◆ TASK STATEMENT ◆
Of the entries below, return exactly those lines that fall between the one containing "#16971 = CARTESIAN_POINT" and the one containing "#20787 = EDGE_CURVE", the two end lines included.
Segment Start: DATA IN THIS EXERCISE
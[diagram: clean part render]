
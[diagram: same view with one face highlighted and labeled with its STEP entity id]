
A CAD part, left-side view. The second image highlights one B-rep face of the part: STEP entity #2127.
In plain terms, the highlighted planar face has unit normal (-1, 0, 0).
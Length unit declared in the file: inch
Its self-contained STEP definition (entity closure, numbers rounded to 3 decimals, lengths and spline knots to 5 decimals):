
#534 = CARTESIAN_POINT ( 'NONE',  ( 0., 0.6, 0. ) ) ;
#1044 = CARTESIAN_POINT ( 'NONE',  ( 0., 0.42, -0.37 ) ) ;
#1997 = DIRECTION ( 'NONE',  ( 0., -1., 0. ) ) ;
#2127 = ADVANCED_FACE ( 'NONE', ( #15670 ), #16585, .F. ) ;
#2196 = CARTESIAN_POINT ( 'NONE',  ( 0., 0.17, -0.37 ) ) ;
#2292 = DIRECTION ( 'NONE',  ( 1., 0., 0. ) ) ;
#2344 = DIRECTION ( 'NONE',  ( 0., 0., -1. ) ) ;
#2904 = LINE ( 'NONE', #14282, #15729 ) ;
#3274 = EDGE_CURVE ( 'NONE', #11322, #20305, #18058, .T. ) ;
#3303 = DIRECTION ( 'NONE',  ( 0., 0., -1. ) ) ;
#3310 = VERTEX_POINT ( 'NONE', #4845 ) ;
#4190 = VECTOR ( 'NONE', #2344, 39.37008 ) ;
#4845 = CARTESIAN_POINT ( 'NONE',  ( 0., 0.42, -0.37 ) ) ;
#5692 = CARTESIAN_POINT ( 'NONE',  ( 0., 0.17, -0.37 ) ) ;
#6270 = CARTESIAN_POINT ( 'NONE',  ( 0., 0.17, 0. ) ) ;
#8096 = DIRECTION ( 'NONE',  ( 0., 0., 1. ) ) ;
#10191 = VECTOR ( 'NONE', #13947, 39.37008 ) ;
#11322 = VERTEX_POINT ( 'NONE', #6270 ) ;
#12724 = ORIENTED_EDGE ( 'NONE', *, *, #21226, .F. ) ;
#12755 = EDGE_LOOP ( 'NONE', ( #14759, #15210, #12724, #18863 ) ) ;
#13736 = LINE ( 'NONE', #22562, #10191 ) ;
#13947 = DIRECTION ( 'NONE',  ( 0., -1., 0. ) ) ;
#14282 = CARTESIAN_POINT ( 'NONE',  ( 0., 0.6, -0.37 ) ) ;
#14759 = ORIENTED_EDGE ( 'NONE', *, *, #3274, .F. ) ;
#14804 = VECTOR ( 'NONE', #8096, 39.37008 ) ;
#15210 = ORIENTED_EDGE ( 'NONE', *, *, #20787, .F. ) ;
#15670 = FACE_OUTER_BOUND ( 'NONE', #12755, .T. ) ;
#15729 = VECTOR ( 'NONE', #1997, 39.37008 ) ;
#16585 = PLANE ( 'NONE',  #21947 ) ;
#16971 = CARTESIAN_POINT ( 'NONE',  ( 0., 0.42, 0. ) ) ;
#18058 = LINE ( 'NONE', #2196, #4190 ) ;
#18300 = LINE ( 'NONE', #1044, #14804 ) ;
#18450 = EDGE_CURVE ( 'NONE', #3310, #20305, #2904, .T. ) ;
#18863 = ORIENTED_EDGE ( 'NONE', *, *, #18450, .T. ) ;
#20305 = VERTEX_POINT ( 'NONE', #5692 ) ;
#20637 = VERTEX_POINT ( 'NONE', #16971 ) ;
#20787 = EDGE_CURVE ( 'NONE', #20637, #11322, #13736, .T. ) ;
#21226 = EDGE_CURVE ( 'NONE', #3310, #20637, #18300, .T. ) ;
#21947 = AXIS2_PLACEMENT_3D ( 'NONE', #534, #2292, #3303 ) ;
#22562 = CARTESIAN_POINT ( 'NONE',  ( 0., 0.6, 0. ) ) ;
Segment End: DATA IN THIS EXERCISE
◆ YOUR SOLUTION ◆
#16971 = CARTESIAN_POINT ( 'NONE',  ( 0., 0.42, 0. ) ) ;
#18058 = LINE ( 'NONE', #2196, #4190 ) ;
#18300 = LINE ( 'NONE', #1044, #14804 ) ;
#18450 = EDGE_CURVE ( 'NONE', #3310, #20305, #2904, .T. ) ;
#18863 = ORIENTED_EDGE ( 'NONE', *, *, #18450, .T. ) ;
#20305 = VERTEX_POINT ( 'NONE', #5692 ) ;
#20637 = VERTEX_POINT ( 'NONE', #16971 ) ;
#20787 = EDGE_CURVE ( 'NONE', #20637, #11322, #13736, .T. ) ;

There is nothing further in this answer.